* **Input for this task**:
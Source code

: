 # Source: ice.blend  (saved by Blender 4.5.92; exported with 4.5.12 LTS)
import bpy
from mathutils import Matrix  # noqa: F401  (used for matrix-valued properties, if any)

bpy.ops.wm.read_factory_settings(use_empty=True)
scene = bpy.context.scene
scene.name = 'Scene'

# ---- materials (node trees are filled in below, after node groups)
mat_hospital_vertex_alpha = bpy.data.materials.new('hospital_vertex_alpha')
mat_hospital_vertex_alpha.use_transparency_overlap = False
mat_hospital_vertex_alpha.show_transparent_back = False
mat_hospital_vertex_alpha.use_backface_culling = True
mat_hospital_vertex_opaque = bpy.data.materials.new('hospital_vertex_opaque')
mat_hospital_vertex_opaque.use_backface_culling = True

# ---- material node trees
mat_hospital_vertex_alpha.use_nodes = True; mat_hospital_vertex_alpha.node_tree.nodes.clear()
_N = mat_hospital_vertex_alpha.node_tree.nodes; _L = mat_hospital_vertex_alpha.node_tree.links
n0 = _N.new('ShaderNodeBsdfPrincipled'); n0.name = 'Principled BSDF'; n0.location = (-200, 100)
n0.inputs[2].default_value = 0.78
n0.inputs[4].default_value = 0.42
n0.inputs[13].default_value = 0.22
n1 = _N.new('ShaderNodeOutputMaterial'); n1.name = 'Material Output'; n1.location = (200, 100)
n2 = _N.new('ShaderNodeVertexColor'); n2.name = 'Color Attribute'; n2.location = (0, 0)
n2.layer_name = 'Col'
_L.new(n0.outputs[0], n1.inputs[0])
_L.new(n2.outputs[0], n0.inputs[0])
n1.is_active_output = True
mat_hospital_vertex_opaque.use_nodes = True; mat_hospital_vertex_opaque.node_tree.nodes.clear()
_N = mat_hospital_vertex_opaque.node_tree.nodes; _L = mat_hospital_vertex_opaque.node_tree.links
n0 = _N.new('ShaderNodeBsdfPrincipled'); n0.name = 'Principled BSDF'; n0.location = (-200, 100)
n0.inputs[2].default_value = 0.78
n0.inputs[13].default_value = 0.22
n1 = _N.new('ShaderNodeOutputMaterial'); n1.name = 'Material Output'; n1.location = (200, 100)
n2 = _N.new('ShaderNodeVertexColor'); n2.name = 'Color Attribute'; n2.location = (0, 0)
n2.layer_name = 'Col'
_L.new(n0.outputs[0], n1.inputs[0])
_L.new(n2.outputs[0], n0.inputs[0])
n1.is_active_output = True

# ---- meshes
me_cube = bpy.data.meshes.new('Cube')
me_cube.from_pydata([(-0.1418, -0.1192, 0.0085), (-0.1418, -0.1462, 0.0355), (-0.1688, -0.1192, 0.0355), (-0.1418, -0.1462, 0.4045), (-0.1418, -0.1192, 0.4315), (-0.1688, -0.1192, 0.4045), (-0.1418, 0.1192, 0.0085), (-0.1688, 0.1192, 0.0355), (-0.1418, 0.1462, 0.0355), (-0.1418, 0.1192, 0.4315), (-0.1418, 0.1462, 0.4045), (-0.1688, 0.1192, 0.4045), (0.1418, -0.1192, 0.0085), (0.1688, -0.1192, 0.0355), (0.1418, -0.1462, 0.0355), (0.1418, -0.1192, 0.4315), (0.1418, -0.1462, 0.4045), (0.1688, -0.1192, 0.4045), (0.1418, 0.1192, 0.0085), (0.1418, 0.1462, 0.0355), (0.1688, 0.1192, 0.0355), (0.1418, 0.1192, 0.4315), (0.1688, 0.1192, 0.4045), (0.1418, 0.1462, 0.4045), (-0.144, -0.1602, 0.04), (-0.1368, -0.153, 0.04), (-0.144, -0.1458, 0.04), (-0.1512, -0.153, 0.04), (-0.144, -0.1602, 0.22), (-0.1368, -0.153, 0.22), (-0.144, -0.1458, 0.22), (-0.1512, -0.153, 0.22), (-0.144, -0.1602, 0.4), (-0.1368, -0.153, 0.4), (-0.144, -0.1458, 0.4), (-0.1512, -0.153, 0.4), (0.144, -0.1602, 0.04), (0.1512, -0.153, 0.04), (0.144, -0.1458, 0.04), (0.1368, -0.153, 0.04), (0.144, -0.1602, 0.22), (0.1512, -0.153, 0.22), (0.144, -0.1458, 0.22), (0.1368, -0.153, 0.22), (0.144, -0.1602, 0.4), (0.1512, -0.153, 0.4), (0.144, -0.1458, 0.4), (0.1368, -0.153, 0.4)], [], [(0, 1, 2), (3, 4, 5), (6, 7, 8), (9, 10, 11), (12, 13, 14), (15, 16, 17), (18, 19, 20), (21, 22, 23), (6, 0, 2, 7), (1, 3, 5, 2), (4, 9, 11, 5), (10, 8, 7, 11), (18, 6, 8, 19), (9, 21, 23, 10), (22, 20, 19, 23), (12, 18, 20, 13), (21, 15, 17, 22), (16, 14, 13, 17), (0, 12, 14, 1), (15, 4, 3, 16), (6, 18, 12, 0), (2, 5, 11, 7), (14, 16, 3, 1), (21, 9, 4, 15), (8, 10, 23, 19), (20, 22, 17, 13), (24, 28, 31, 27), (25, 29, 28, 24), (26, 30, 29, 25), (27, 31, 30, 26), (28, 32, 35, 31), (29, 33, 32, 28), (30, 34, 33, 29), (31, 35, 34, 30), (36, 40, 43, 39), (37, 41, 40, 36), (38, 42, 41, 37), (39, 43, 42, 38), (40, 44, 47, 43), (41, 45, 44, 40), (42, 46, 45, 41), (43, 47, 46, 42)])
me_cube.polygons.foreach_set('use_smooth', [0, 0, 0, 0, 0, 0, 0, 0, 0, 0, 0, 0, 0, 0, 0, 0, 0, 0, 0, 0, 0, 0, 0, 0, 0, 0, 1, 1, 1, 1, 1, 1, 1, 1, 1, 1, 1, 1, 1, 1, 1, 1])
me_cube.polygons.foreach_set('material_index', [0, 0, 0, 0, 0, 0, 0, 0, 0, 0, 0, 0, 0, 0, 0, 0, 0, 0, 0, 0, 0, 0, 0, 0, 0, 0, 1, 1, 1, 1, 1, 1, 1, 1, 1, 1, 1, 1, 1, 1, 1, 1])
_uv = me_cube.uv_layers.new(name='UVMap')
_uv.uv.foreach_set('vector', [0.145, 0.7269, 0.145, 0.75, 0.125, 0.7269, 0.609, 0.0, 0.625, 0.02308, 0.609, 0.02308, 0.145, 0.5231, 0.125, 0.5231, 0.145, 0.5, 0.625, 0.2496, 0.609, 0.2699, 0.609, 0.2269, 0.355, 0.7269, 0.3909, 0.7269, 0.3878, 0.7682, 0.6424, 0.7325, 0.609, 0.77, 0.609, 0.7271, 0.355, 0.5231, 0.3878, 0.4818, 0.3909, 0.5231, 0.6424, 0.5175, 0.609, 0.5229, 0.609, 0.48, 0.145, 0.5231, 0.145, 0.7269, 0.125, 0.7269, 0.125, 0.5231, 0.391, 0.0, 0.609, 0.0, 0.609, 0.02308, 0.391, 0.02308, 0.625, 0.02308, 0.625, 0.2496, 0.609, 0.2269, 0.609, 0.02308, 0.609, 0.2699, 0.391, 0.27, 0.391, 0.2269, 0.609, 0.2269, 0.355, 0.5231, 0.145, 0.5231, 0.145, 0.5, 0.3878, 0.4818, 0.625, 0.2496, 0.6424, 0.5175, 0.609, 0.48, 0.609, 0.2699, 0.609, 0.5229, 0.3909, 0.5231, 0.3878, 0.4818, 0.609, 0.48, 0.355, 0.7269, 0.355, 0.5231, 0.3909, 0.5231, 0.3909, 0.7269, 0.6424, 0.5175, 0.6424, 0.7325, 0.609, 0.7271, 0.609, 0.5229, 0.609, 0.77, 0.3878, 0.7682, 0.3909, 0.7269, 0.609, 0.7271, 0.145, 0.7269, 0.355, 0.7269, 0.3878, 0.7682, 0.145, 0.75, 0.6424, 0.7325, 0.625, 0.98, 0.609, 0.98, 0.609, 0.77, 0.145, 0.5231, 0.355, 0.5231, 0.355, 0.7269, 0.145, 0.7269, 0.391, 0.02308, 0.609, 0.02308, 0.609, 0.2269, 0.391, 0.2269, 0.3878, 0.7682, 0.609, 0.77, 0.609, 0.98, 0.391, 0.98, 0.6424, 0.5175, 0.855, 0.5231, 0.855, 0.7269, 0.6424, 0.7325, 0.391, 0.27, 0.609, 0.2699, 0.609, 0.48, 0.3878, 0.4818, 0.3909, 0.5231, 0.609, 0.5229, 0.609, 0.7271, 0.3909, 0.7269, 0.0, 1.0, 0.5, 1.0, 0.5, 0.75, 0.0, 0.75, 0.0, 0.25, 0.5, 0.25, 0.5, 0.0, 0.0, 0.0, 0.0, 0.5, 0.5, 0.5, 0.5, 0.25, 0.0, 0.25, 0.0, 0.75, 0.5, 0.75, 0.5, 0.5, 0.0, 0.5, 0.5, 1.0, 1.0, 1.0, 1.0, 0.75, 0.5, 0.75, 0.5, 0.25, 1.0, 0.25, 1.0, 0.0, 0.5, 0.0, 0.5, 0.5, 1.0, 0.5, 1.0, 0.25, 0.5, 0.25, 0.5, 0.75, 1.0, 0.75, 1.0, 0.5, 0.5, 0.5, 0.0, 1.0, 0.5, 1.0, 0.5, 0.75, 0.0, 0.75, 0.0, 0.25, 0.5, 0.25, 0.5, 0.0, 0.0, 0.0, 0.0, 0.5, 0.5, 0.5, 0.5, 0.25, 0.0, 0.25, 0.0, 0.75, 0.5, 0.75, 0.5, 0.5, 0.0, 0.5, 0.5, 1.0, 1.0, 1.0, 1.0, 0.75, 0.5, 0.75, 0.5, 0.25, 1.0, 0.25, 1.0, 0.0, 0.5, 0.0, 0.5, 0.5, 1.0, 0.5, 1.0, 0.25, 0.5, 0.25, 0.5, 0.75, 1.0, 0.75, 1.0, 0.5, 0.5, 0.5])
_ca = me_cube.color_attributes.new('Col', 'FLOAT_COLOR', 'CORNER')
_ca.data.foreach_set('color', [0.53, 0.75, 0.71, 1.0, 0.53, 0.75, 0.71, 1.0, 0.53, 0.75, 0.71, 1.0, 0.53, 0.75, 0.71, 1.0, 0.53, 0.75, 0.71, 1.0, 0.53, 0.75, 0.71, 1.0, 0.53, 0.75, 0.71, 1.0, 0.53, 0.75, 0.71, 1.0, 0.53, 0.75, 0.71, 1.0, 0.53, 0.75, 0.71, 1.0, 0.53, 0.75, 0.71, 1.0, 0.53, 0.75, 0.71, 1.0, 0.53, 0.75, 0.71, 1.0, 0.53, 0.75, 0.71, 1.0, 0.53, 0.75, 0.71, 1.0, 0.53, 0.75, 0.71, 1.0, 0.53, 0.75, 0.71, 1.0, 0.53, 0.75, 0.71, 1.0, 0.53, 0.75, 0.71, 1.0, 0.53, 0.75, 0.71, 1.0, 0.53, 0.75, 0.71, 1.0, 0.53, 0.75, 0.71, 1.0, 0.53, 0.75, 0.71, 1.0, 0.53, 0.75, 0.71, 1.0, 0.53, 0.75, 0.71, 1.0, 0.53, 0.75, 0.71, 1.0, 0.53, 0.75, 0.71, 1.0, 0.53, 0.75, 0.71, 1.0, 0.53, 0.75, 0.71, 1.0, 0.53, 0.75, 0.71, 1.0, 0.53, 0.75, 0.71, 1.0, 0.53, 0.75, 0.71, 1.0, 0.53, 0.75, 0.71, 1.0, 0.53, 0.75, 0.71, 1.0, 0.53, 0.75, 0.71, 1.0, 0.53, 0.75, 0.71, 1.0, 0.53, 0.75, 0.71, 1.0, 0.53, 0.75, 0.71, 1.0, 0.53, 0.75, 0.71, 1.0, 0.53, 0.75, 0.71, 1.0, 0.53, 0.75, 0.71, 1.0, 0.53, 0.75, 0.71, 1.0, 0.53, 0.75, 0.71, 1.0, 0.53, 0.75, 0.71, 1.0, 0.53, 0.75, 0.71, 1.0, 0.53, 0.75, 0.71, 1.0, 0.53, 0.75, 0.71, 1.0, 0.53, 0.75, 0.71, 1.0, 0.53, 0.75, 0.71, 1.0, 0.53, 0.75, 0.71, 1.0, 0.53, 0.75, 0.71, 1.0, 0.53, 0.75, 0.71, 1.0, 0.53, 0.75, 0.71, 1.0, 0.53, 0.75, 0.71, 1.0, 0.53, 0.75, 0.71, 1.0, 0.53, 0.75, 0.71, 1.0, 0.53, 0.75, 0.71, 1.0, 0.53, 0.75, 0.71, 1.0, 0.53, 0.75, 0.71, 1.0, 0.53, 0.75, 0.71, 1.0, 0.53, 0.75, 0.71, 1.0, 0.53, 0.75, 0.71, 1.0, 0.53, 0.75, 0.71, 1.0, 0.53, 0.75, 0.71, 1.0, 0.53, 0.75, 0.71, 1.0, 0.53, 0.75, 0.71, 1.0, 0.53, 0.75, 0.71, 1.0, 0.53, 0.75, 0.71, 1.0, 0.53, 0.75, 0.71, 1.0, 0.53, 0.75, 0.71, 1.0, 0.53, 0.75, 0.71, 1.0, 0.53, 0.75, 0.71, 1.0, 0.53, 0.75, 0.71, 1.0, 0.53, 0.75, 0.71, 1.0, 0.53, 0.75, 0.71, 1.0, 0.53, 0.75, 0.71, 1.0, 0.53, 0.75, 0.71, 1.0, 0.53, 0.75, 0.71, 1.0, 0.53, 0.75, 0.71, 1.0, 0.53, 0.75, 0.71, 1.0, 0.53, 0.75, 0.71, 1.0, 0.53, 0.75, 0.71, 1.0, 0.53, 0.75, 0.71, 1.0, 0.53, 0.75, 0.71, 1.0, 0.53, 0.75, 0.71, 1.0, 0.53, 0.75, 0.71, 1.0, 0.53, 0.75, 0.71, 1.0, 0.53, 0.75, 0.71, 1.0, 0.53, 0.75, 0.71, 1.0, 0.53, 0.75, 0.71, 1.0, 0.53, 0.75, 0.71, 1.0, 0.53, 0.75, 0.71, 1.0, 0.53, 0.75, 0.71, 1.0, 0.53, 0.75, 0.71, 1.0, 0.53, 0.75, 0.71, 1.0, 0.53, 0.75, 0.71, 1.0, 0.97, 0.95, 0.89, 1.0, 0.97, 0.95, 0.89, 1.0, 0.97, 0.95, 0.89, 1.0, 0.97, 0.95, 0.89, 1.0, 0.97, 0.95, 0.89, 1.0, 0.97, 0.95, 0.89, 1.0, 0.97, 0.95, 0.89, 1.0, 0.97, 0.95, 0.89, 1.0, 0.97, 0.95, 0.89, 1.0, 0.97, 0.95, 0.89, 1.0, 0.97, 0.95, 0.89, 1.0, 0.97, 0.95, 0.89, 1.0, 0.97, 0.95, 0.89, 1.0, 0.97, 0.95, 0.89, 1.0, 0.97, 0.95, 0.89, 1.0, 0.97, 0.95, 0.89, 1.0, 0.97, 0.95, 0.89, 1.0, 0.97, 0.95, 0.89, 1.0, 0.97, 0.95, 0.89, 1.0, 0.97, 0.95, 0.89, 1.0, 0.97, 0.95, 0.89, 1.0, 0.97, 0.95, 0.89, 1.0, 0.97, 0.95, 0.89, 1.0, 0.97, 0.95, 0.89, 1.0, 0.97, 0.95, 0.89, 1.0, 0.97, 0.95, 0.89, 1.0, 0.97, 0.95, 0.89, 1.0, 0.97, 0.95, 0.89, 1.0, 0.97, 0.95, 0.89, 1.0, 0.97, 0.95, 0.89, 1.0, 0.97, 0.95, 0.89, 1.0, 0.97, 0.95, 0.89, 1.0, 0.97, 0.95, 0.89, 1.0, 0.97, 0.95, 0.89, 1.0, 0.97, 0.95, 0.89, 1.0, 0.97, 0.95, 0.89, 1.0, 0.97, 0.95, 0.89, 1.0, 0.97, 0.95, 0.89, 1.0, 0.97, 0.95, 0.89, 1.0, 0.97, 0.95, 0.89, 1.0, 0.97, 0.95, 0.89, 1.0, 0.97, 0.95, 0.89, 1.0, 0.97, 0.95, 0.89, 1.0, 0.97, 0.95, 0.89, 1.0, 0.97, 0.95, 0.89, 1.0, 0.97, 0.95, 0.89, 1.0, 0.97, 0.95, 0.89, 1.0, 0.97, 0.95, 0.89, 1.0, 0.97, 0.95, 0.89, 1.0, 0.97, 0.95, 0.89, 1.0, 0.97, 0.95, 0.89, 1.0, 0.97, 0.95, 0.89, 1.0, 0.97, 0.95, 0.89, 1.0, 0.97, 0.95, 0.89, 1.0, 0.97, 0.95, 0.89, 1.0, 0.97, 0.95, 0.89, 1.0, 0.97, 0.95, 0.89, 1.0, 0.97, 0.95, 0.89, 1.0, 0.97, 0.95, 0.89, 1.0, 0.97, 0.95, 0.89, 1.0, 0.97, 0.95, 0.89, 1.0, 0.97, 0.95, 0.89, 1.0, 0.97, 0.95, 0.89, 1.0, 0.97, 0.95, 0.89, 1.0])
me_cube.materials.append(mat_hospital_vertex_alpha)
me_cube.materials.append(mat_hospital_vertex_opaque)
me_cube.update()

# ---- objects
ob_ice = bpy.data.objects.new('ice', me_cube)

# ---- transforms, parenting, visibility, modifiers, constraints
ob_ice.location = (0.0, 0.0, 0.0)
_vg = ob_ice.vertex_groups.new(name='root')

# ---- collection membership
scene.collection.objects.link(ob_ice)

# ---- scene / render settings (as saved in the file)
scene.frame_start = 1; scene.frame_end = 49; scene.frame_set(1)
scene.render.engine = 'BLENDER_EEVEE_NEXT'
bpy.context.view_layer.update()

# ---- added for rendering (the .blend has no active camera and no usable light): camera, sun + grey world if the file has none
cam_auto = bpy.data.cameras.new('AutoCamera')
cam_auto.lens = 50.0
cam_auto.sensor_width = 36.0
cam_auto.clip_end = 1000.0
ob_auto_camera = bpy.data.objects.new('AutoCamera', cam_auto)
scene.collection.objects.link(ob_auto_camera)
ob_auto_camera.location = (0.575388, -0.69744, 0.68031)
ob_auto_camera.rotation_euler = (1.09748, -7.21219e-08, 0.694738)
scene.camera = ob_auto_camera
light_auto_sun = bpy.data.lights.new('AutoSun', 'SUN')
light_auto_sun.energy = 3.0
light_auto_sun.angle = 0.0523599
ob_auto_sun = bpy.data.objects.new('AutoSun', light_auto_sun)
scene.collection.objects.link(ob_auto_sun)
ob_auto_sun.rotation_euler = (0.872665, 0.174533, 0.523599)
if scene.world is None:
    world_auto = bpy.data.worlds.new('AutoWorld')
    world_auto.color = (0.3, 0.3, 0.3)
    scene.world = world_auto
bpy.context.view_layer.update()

* **What to produce**:
Your answer must be the line with "world_auto = bpy.data.worlds.new('AutoWorld')" and all lines after it through the final line of the entries, copied exactly and with nothing added.

* **Your response**:
    world_auto = bpy.data.worlds.new('AutoWorld')
    world_auto.color = (0.3, 0.3, 0.3)
    scene.world = world_auto
bpy.context.view_layer.update()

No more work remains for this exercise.